# [EXERCISE]
Give back, word for word, only the lines from the opening of the records through the one with "layer by layer". Pictures stay out.
Top of EXTRACTED ENTRIES
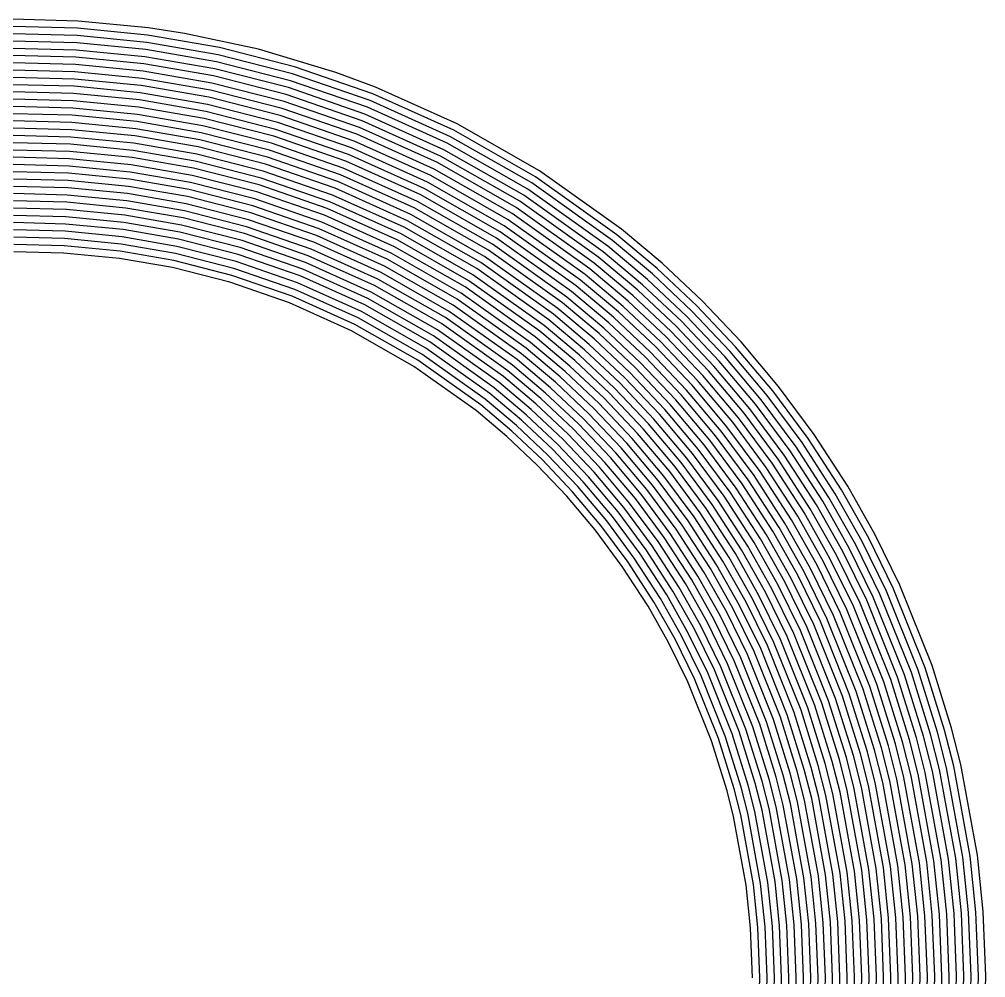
# Model space of a CAD drawing. Header units: metres. Extents: x -19 to 19, y -19.6 to 19.6.
# Drawn here: x -0.005 to 3.976, y -15.667 to -11.72 of the extents above; entities that cross this region are included whole.
import ezdxf

# ---------------------------------------------------------------- set-up
doc = ezdxf.new("R2010")
doc.units = ezdxf.units.M

msp = doc.modelspace()

# ---------------------------------------------------------------- linework, layer by layer
for p, q in [((0.237203, -11.727353, 0.177502), (-0.033691, -11.720149, 0.178114)), ((0.527131, -11.755565, 0.175135), (0.237203, -11.727353, 0.177502)), ((0.235342, -11.757202, 0.174915), (-0.033503, -11.750053, 0.175523)), ((0.233482, -11.787051, 0.172328), (-0.033316, -11.779956, 0.172932)), ((0.523388, -11.785231, 0.172559), (0.235342, -11.757202, 0.174915)), ((0.674912, -11.778235, 0.173235), (0.527131, -11.755565, 0.175135)), ((0.980351, -11.843371, 0.167753), (0.674912, -11.778235, 0.173235)), ((0.231622, -11.8169, 0.169741), (-0.033128, -11.80986, 0.170342)), ((0.515902, -11.844562, 0.167406), (0.231622, -11.8169, 0.169741)), ((0.519645, -11.814896, 0.169983), (0.233482, -11.787051, 0.172328)), ((0.813499, -11.865804, 0.165694), (0.519645, -11.814896, 0.169983)), ((0.81977, -11.836572, 0.168242), (0.523388, -11.785231, 0.172559)), ((0.229761, -11.84675, 0.167153), (-0.03294, -11.839764, 0.167751)), ((0.512159, -11.874227, 0.16483), (0.229761, -11.84675, 0.167153)), ((0.807228, -11.895036, 0.163147), (0.515902, -11.844562, 0.167406)), ((1.129223, -11.915538, 0.161566), (0.81977, -11.836572, 0.168242)), ((1.298511, -11.938608, 0.159692), (0.980351, -11.843371, 0.167753)), ((0.227901, -11.876599, 0.164566), (-0.032752, -11.869667, 0.16516)), ((0.226041, -11.906448, 0.161979), (-0.032565, -11.899571, 0.16257)), ((0.508416, -11.903893, 0.162254), (0.227901, -11.876599, 0.164566)), ((0.800958, -11.924269, 0.160599), (0.512159, -11.874227, 0.16483)), ((1.111976, -11.9728, 0.156548), (0.807228, -11.895036, 0.163147)), ((1.1206, -11.944169, 0.159057), (0.813499, -11.865804, 0.165694)), ((0.224181, -11.936297, 0.159392), (-0.032377, -11.929475, 0.159979)), ((0.500931, -11.963224, 0.157101), (0.224181, -11.936297, 0.159392)), ((0.504673, -11.933558, 0.159677), (0.226041, -11.906448, 0.161979)), ((0.788416, -11.982734, 0.155504), (0.504673, -11.933558, 0.159677)), ((0.794687, -11.953501, 0.158052), (0.508416, -11.903893, 0.162254)), ((1.103353, -12.001431, 0.154039), (0.800958, -11.924269, 0.160599)), ((1.451241, -12.026996, 0.152082), (1.129223, -11.915538, 0.161566)), ((1.462313, -11.999213, 0.154532), (1.298511, -11.938608, 0.159692)), ((0.22232, -11.966146, 0.156805), (-0.032189, -11.959378, 0.157388)), ((0.497188, -11.99289, 0.154525), (0.22232, -11.966146, 0.156805)), ((0.782146, -12.011966, 0.152957), (0.500931, -11.963224, 0.157101)), ((1.09473, -12.030062, 0.15153), (0.794687, -11.953501, 0.158052)), ((1.429096, -12.08256, 0.147181), (1.111976, -11.9728, 0.156548)), ((1.440169, -12.054778, 0.149631), (1.1206, -11.944169, 0.159057)), ((0.22046, -11.995995, 0.154217), (-0.032001, -11.989282, 0.154798)), ((0.2186, -12.025844, 0.15163), (-0.031814, -12.019186, 0.152207)), ((0.493445, -12.022555, 0.151948), (0.22046, -11.995995, 0.154217)), ((0.775875, -12.041199, 0.150409), (0.497188, -11.99289, 0.154525)), ((1.077483, -12.087324, 0.146512), (0.782146, -12.011966, 0.152957)), ((1.086106, -12.058693, 0.149021), (0.788416, -11.982734, 0.155504)), ((1.418024, -12.110342, 0.14473), (1.103353, -12.001431, 0.154039)), ((1.79863, -12.150413, 0.141552), (1.462313, -11.999213, 0.154532)), ((0.216739, -12.055693, 0.149043), (-0.031626, -12.04909, 0.149616)), ((0.485959, -12.081886, 0.146796), (0.216739, -12.055693, 0.149043)), ((0.489702, -12.052221, 0.149372), (0.2186, -12.025844, 0.15163)), ((0.763333, -12.099663, 0.145314), (0.489702, -12.052221, 0.149372)), ((0.769604, -12.070431, 0.147862), (0.493445, -12.022555, 0.151948)), ((1.06886, -12.115955, 0.144003), (0.775875, -12.041199, 0.150409)), ((1.39588, -12.165907, 0.139829), (1.086106, -12.058693, 0.149021)), ((1.406952, -12.138125, 0.142279), (1.09473, -12.030062, 0.15153)), ((1.771419, -12.203696, 0.1368), (1.440169, -12.054778, 0.149631)), ((1.785024, -12.177054, 0.139176), (1.451241, -12.026996, 0.152082)), ((0.214879, -12.085542, 0.146456), (-0.031438, -12.078993, 0.147026)), ((0.482216, -12.111552, 0.144219), (0.214879, -12.085542, 0.146456)), ((0.757063, -12.128896, 0.142767), (0.485959, -12.081886, 0.146796)), ((1.051613, -12.173217, 0.138986), (0.763333, -12.099663, 0.145314)), ((1.060236, -12.144586, 0.141495), (0.769604, -12.070431, 0.147862)), ((1.384808, -12.193689, 0.137378), (1.077483, -12.087324, 0.146512)), ((1.757813, -12.230337, 0.134425), (1.429096, -12.08256, 0.147181)), ((0.213019, -12.115392, 0.143869), (-0.031251, -12.108897, 0.144435)), ((0.211158, -12.145241, 0.141281), (-0.031063, -12.138801, 0.141844)), ((0.478473, -12.141217, 0.141643), (0.213019, -12.115392, 0.143869)), ((0.750792, -12.158128, 0.140219), (0.482216, -12.111552, 0.144219)), ((1.04299, -12.201848, 0.136477), (0.757063, -12.128896, 0.142767)), ((1.373736, -12.221472, 0.134928), (1.06886, -12.115955, 0.144003)), ((1.730603, -12.28362, 0.129673), (1.406952, -12.138125, 0.142279)), ((1.744208, -12.256979, 0.132049), (1.418024, -12.110342, 0.14473)), ((0.209298, -12.17509, 0.138694), (-0.030875, -12.168704, 0.139253)), ((0.470987, -12.200548, 0.13649), (0.209298, -12.17509, 0.138694)), ((0.47473, -12.170883, 0.139067), (0.211158, -12.145241, 0.141281)), ((0.73825, -12.216593, 0.135124), (0.47473, -12.170883, 0.139067)), ((0.744521, -12.187361, 0.137672), (0.478473, -12.141217, 0.141643)), ((1.034366, -12.230479, 0.133968), (0.750792, -12.158128, 0.140219)), ((1.351592, -12.277036, 0.130027), (1.051613, -12.173217, 0.138986)), ((1.362664, -12.249254, 0.132477), (1.060236, -12.144586, 0.141495)), ((1.716997, -12.310261, 0.127297), (1.39588, -12.165907, 0.139829)), ((2.121884, -12.368921, 0.122459), (1.785024, -12.177054, 0.139176)), ((2.138049, -12.343741, 0.124733), (1.79863, -12.150413, 0.141552)), ((0.207438, -12.204939, 0.136107), (-0.030687, -12.198608, 0.136663)), ((0.467244, -12.230214, 0.133914), (0.207438, -12.204939, 0.136107)), ((0.73198, -12.245826, 0.132577), (0.470987, -12.200548, 0.13649)), ((1.01712, -12.287741, 0.12895), (0.73825, -12.216593, 0.135124)), ((1.025743, -12.25911, 0.131459), (0.744521, -12.187361, 0.137672)), ((1.34052, -12.304818, 0.127576), (1.04299, -12.201848, 0.136477)), ((1.703392, -12.336903, 0.124921), (1.384808, -12.193689, 0.137378)), ((2.105718, -12.394102, 0.120185), (1.771419, -12.203696, 0.1368)), ((0.205577, -12.234788, 0.13352), (-0.0305, -12.228512, 0.134072)), ((0.203717, -12.264637, 0.130933), (-0.030312, -12.258415, 0.131481)), ((0.463501, -12.259879, 0.131338), (0.205577, -12.234788, 0.13352)), ((0.719438, -12.30429, 0.127481), (0.463501, -12.259879, 0.131338)), ((0.725709, -12.275058, 0.130029), (0.467244, -12.230214, 0.133914)), ((1.008496, -12.316372, 0.126441), (0.73198, -12.245826, 0.132577)), ((1.318376, -12.360383, 0.122675), (1.025743, -12.25911, 0.131459)), ((1.329448, -12.332601, 0.125126), (1.034366, -12.230479, 0.133968)), ((1.676181, -12.390185, 0.120169), (1.362664, -12.249254, 0.132477)), ((1.689786, -12.363544, 0.122545), (1.373736, -12.221472, 0.134928)), ((2.073386, -12.444463, 0.115637), (1.744208, -12.256979, 0.132049)), ((2.089552, -12.419283, 0.117911), (1.757813, -12.230337, 0.134425)), ((0.201857, -12.294486, 0.128345), (-0.030124, -12.288319, 0.128891)), ((0.456016, -12.31921, 0.126185), (0.201857, -12.294486, 0.128345)), ((0.459759, -12.289545, 0.128761), (0.203717, -12.264637, 0.130933)), ((0.713167, -12.333523, 0.124934), (0.459759, -12.289545, 0.128761)), ((0.999873, -12.345003, 0.123932), (0.725709, -12.275058, 0.130029)), ((1.307304, -12.388165, 0.120224), (1.01712, -12.287741, 0.12895)), ((1.662576, -12.416827, 0.117793), (1.351592, -12.277036, 0.130027)), ((2.05722, -12.469644, 0.113363), (1.730603, -12.28362, 0.129673)), ((0.199996, -12.324335, 0.125758), (-0.029936, -12.318223, 0.1263)), ((0.452273, -12.348876, 0.123609), (0.199996, -12.324335, 0.125758)), ((0.706897, -12.362755, 0.122386), (0.456016, -12.31921, 0.126185)), ((0.982626, -12.402265, 0.118914), (0.713167, -12.333523, 0.124934)), ((0.99125, -12.373634, 0.121423), (0.719438, -12.30429, 0.127481)), ((1.296232, -12.415947, 0.117774), (1.008496, -12.316372, 0.126441)), ((1.635365, -12.47011, 0.113041), (1.329448, -12.332601, 0.125126)), ((1.64897, -12.443468, 0.115417), (1.34052, -12.304818, 0.127576)), ((2.024888, -12.520005, 0.108815), (1.703392, -12.336903, 0.124921)), ((2.041054, -12.494825, 0.111089), (1.716997, -12.310261, 0.127297)), ((0.198136, -12.354185, 0.123171), (-0.029749, -12.348126, 0.123709)), ((0.196276, -12.384034, 0.120584), (-0.029561, -12.37803, 0.121119)), ((0.44853, -12.378542, 0.121032), (0.198136, -12.354185, 0.123171)), ((0.694355, -12.42122, 0.117291), (0.44853, -12.378542, 0.121032)), ((0.700626, -12.391988, 0.119839), (0.452273, -12.348876, 0.123609)), ((0.974003, -12.430896, 0.116405), (0.706897, -12.362755, 0.122386)), ((1.274088, -12.471512, 0.112873), (0.99125, -12.373634, 0.121423)), ((1.28516, -12.44373, 0.115323), (0.999873, -12.345003, 0.123932)), ((1.621759, -12.496751, 0.110665), (1.318376, -12.360383, 0.122675)), ((2.008722, -12.545186, 0.106541), (1.689786, -12.363544, 0.122545)), ((2.45681, -12.607424, 0.101338), (2.121884, -12.368921, 0.122459)), ((2.475523, -12.58406, 0.103481), (2.138049, -12.343741, 0.124733)), ((0.194415, -12.413883, 0.117997), (-0.029373, -12.407934, 0.118528)), ((0.441044, -12.437873, 0.11588), (0.194415, -12.413883, 0.117997)), ((0.444787, -12.408207, 0.118456), (0.196276, -12.384034, 0.120584)), ((0.688084, -12.450453, 0.114744), (0.444787, -12.408207, 0.118456)), ((0.96538, -12.459527, 0.113896), (0.700626, -12.391988, 0.119839)), ((1.263016, -12.499294, 0.110422), (0.982626, -12.402265, 0.118914)), ((1.594549, -12.550034, 0.105914), (1.296232, -12.415947, 0.117774)), ((1.608154, -12.523392, 0.10829), (1.307304, -12.388165, 0.120224)), ((1.97639, -12.595548, 0.101993), (1.662576, -12.416827, 0.117793)), ((1.992556, -12.570367, 0.104267), (1.676181, -12.390185, 0.120169)), ((2.419385, -12.654153, 0.097051), (2.089552, -12.419283, 0.117911)), ((2.438097, -12.630789, 0.099195), (2.105718, -12.394102, 0.120185)), ((0.192555, -12.443732, 0.115409), (-0.029185, -12.437837, 0.115937)), ((0.437301, -12.467538, 0.113303), (0.192555, -12.443732, 0.115409)), ((0.681814, -12.479685, 0.112196), (0.441044, -12.437873, 0.11588)), ((0.948133, -12.516789, 0.108878), (0.688084, -12.450453, 0.114744)), ((0.956756, -12.488158, 0.111387), (0.694355, -12.42122, 0.117291)), ((1.251944, -12.527077, 0.107972), (0.974003, -12.430896, 0.116405)), ((1.580943, -12.576675, 0.103538), (1.28516, -12.44373, 0.115323)), ((1.960225, -12.620728, 0.099719), (1.64897, -12.443468, 0.115417)), ((2.400672, -12.677517, 0.094908), (2.073386, -12.444463, 0.115637)), ((0.190695, -12.473581, 0.112822), (-0.028998, -12.467741, 0.113347)), ((0.188834, -12.50343, 0.110235), (-0.02881, -12.497645, 0.110756)), ((0.433558, -12.497204, 0.110727), (0.190695, -12.473581, 0.112822)), ((0.669272, -12.53815, 0.107101), (0.433558, -12.497204, 0.110727)), ((0.675543, -12.508917, 0.109649), (0.437301, -12.467538, 0.113303)), ((0.93951, -12.54542, 0.106369), (0.681814, -12.479685, 0.112196)), ((1.2298, -12.582641, 0.103071), (0.956756, -12.488158, 0.111387)), ((1.240872, -12.554859, 0.105521), (0.96538, -12.459527, 0.113896)), ((1.567338, -12.603316, 0.101162), (1.274088, -12.471512, 0.112873)), ((1.927893, -12.67109, 0.095171), (1.621759, -12.496751, 0.110665)), ((1.944059, -12.645909, 0.097445), (1.635365, -12.47011, 0.113041)), ((2.363246, -12.724246, 0.090622), (2.041054, -12.494825, 0.111089)), ((2.381959, -12.700882, 0.092765), (2.05722, -12.469644, 0.113363)), ((0.186974, -12.533279, 0.107648), (-0.028622, -12.527548, 0.108165)), ((0.426072, -12.556535, 0.105574), (0.186974, -12.533279, 0.107648)), ((0.429815, -12.526869, 0.108151), (0.188834, -12.50343, 0.110235)), ((0.663001, -12.567382, 0.104554), (0.429815, -12.526869, 0.108151)), ((0.922263, -12.602682, 0.101352), (0.669272, -12.53815, 0.107101)), ((0.930886, -12.574051, 0.10386), (0.675543, -12.508917, 0.109649)), ((1.218728, -12.610423, 0.10062), (0.948133, -12.516789, 0.108878)), ((1.540127, -12.656599, 0.09641), (1.251944, -12.527077, 0.107972)), ((1.553733, -12.629958, 0.098786), (1.263016, -12.499294, 0.110422)), ((1.911727, -12.69627, 0.092897), (1.608154, -12.523392, 0.10829)), ((2.344534, -12.74761, 0.088479), (2.024888, -12.520005, 0.108815)), ((0.185114, -12.563128, 0.105061), (-0.028435, -12.557452, 0.105574)), ((0.422329, -12.5862, 0.102998), (0.185114, -12.563128, 0.105061)), ((0.656731, -12.596615, 0.102006), (0.426072, -12.556535, 0.105574)), ((0.91364, -12.631313, 0.098843), (0.663001, -12.567382, 0.104554)), ((1.196584, -12.665988, 0.095719), (0.930886, -12.574051, 0.10386)), ((1.207656, -12.638206, 0.09817), (0.93951, -12.54542, 0.106369)), ((1.526522, -12.683241, 0.094034), (1.240872, -12.554859, 0.105521)), ((1.879395, -12.746632, 0.088349), (1.580943, -12.576675, 0.103538)), ((1.895561, -12.721451, 0.090623), (1.594549, -12.550034, 0.105914)), ((2.307108, -12.794339, 0.084192), (1.992556, -12.570367, 0.104267)), ((2.325821, -12.770975, 0.086335), (2.008722, -12.545186, 0.106541)), ((0.183254, -12.592977, 0.102473), (-0.028247, -12.587356, 0.102984)), ((0.181393, -12.622827, 0.099886), (-0.028059, -12.617259, 0.100393)), ((0.418586, -12.615866, 0.100422), (0.183254, -12.592977, 0.102473)), ((0.644189, -12.65508, 0.096911), (0.418586, -12.615866, 0.100422)), ((0.65046, -12.625847, 0.099459), (0.422329, -12.5862, 0.102998)), ((0.905016, -12.659944, 0.096334), (0.656731, -12.596615, 0.102006)), ((1.185512, -12.69377, 0.093268), (0.922263, -12.602682, 0.101352)), ((1.499311, -12.736523, 0.089282), (1.218728, -12.610423, 0.10062)), ((1.512916, -12.709882, 0.091658), (1.2298, -12.582641, 0.103071)), ((1.863229, -12.771812, 0.086075), (1.567338, -12.603316, 0.101162)), ((2.288395, -12.817703, 0.082049), (1.97639, -12.595548, 0.101993)), ((2.622526, -12.746502, 0.088844), (2.45681, -12.607424, 0.101338)), ((2.642498, -12.724197, 0.090909), (2.475523, -12.58406, 0.103481)), ((0.179533, -12.652676, 0.097299), (-0.027871, -12.647163, 0.097802)), ((0.411101, -12.675197, 0.095269), (0.179533, -12.652676, 0.097299)), ((0.414844, -12.645531, 0.097846), (0.181393, -12.622827, 0.099886)), ((0.637918, -12.684312, 0.094364), (0.414844, -12.645531, 0.097846)), ((0.88777, -12.717206, 0.091316), (0.644189, -12.65508, 0.096911)), ((0.896393, -12.688575, 0.093825), (0.65046, -12.625847, 0.099459)), ((1.17444, -12.721552, 0.090818), (0.91364, -12.631313, 0.098843)), ((1.485706, -12.763165, 0.086906), (1.207656, -12.638206, 0.09817)), ((1.830897, -12.822174, 0.081527), (1.540127, -12.656599, 0.09641)), ((1.847063, -12.796993, 0.083801), (1.553733, -12.629958, 0.098786)), ((2.25097, -12.864432, 0.077762), (1.944059, -12.645909, 0.097445)), ((2.269682, -12.841068, 0.079906), (1.960225, -12.620728, 0.099719)), ((2.58258, -12.791113, 0.084714), (2.419385, -12.654153, 0.097051)), ((2.602553, -12.768807, 0.086779), (2.438097, -12.630789, 0.099195)), ((0.177673, -12.682525, 0.094712), (-0.027684, -12.677067, 0.095212)), ((0.407358, -12.704862, 0.092693), (0.177673, -12.682525, 0.094712)), ((0.631648, -12.713544, 0.091816), (0.411101, -12.675197, 0.095269)), ((0.879146, -12.745837, 0.088807), (0.637918, -12.684312, 0.094364)), ((1.152295, -12.777117, 0.085917), (0.896393, -12.688575, 0.093825)), ((1.163368, -12.749335, 0.088367), (0.905016, -12.659944, 0.096334)), ((1.458495, -12.816448, 0.082154), (1.185512, -12.69377, 0.093268)), ((1.4721, -12.789806, 0.08453), (1.196584, -12.665988, 0.095719)), ((1.814732, -12.847355, 0.079253), (1.526522, -12.683241, 0.094034)), ((2.213544, -12.911161, 0.073476), (1.911727, -12.69627, 0.092897)), ((2.232257, -12.887796, 0.075619), (1.927893, -12.67109, 0.095171)), ((2.562607, -12.813418, 0.08265), (2.400672, -12.677517, 0.094908)), ((0.625377, -12.742777, 0.089268), (0.407358, -12.704862, 0.092693)), ((0.870523, -12.774469, 0.086301), (0.631648, -12.713544, 0.091816)), ((1.141223, -12.804898, 0.083457), (0.88777, -12.717206, 0.091316)), ((1.444889, -12.843089, 0.079779), (1.17444, -12.721552, 0.090818)), ((1.7824, -12.897716, 0.074705), (1.499311, -12.736523, 0.089282)), ((1.798566, -12.872535, 0.076979), (1.512916, -12.709882, 0.091658)), ((2.194831, -12.934525, 0.071333), (1.895561, -12.721451, 0.090623)), ((2.522661, -12.858029, 0.07852), (2.363246, -12.724246, 0.090622)), ((2.542634, -12.835723, 0.080585), (2.381959, -12.700882, 0.092765)), ((2.807539, -12.879211, 0.076846), (2.642498, -12.724197, 0.090909)), ((0.8619, -12.803101, 0.083801), (0.625377, -12.742777, 0.089268)), ((1.119079, -12.86046, 0.078525), (0.870523, -12.774469, 0.086301)), ((1.130151, -12.832679, 0.080991), (0.879146, -12.745837, 0.088807)), ((1.417679, -12.896372, 0.075027), (1.152295, -12.777117, 0.085917)), ((1.431284, -12.86973, 0.077403), (1.163368, -12.749335, 0.088367)), ((1.766234, -12.922897, 0.072431), (1.485706, -12.763165, 0.086906)), ((2.157406, -12.981254, 0.067046), (1.863229, -12.771812, 0.086075)), ((2.176118, -12.957889, 0.069189), (1.879395, -12.746632, 0.088349)), ((2.482716, -12.902639, 0.074391), (2.325821, -12.770975, 0.086335)), ((2.502688, -12.880334, 0.076455), (2.344534, -12.74761, 0.088479)), ((2.765109, -12.921485, 0.072894), (2.602553, -12.768807, 0.086779)), ((2.786324, -12.900348, 0.07487), (2.622526, -12.746502, 0.088844)), ((1.108007, -12.888241, 0.076059), (0.8619, -12.803101, 0.083801)), ((1.404073, -12.923013, 0.072651), (1.141223, -12.804898, 0.083457)), ((1.733902, -12.973258, 0.067883), (1.458495, -12.816448, 0.082154)), ((1.750068, -12.948077, 0.070157), (1.4721, -12.789806, 0.08453)), ((2.138693, -13.004618, 0.064903), (1.847063, -12.796993, 0.083801)), ((2.462743, -12.924944, 0.072326), (2.307108, -12.794339, 0.084192)), ((2.722678, -12.963759, 0.068942), (2.562607, -12.813418, 0.08265)), ((2.743894, -12.942622, 0.070918), (2.58258, -12.791113, 0.084714)), ((1.390468, -12.949654, 0.070275), (1.130151, -12.832679, 0.080991)), ((1.717736, -12.998439, 0.065609), (1.444889, -12.843089, 0.079779)), ((2.101267, -13.051347, 0.060616), (1.814732, -12.847355, 0.079253)), ((2.11998, -13.027982, 0.06276), (1.830897, -12.822174, 0.081527)), ((2.422797, -12.969555, 0.068196), (2.269682, -12.841068, 0.079906)), ((2.44277, -12.94725, 0.070261), (2.288395, -12.817703, 0.082049)), ((2.701463, -12.984896, 0.066965), (2.542634, -12.835723, 0.080585)), ((1.363257, -13.002937, 0.065523), (1.108007, -12.888241, 0.076059)), ((1.376862, -12.976296, 0.067899), (1.119079, -12.86046, 0.078525)), ((1.685404, -13.0488, 0.061061), (1.417679, -12.896372, 0.075027)), ((1.70157, -13.02362, 0.063335), (1.431284, -12.86973, 0.077403)), ((2.082555, -13.074711, 0.058473), (1.798566, -12.872535, 0.076979)), ((2.382851, -13.014166, 0.064067), (2.232257, -12.887796, 0.075619)), ((2.402824, -12.99186, 0.066132), (2.25097, -12.864432, 0.077762)), ((2.659033, -13.02717, 0.063013), (2.502688, -12.880334, 0.076455)), ((2.680248, -13.006033, 0.064989), (2.522661, -12.858029, 0.07852)), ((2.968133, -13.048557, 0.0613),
Bottom of EXTRACTED ENTRIES
# [RESPONSE AREA]
# Model space of a CAD drawing. Header units: metres. Extents: x -19 to 19, y -19.6 to 19.6.
# Drawn here: x -0.005 to 3.976, y -15.667 to -11.72 of the extents above; entities that cross this region are included whole.
import ezdxf

# ---------------------------------------------------------------- set-up
doc = ezdxf.new("R2010")
doc.units = ezdxf.units.M

msp = doc.modelspace()

# ---------------------------------------------------------------- linework, layer by layer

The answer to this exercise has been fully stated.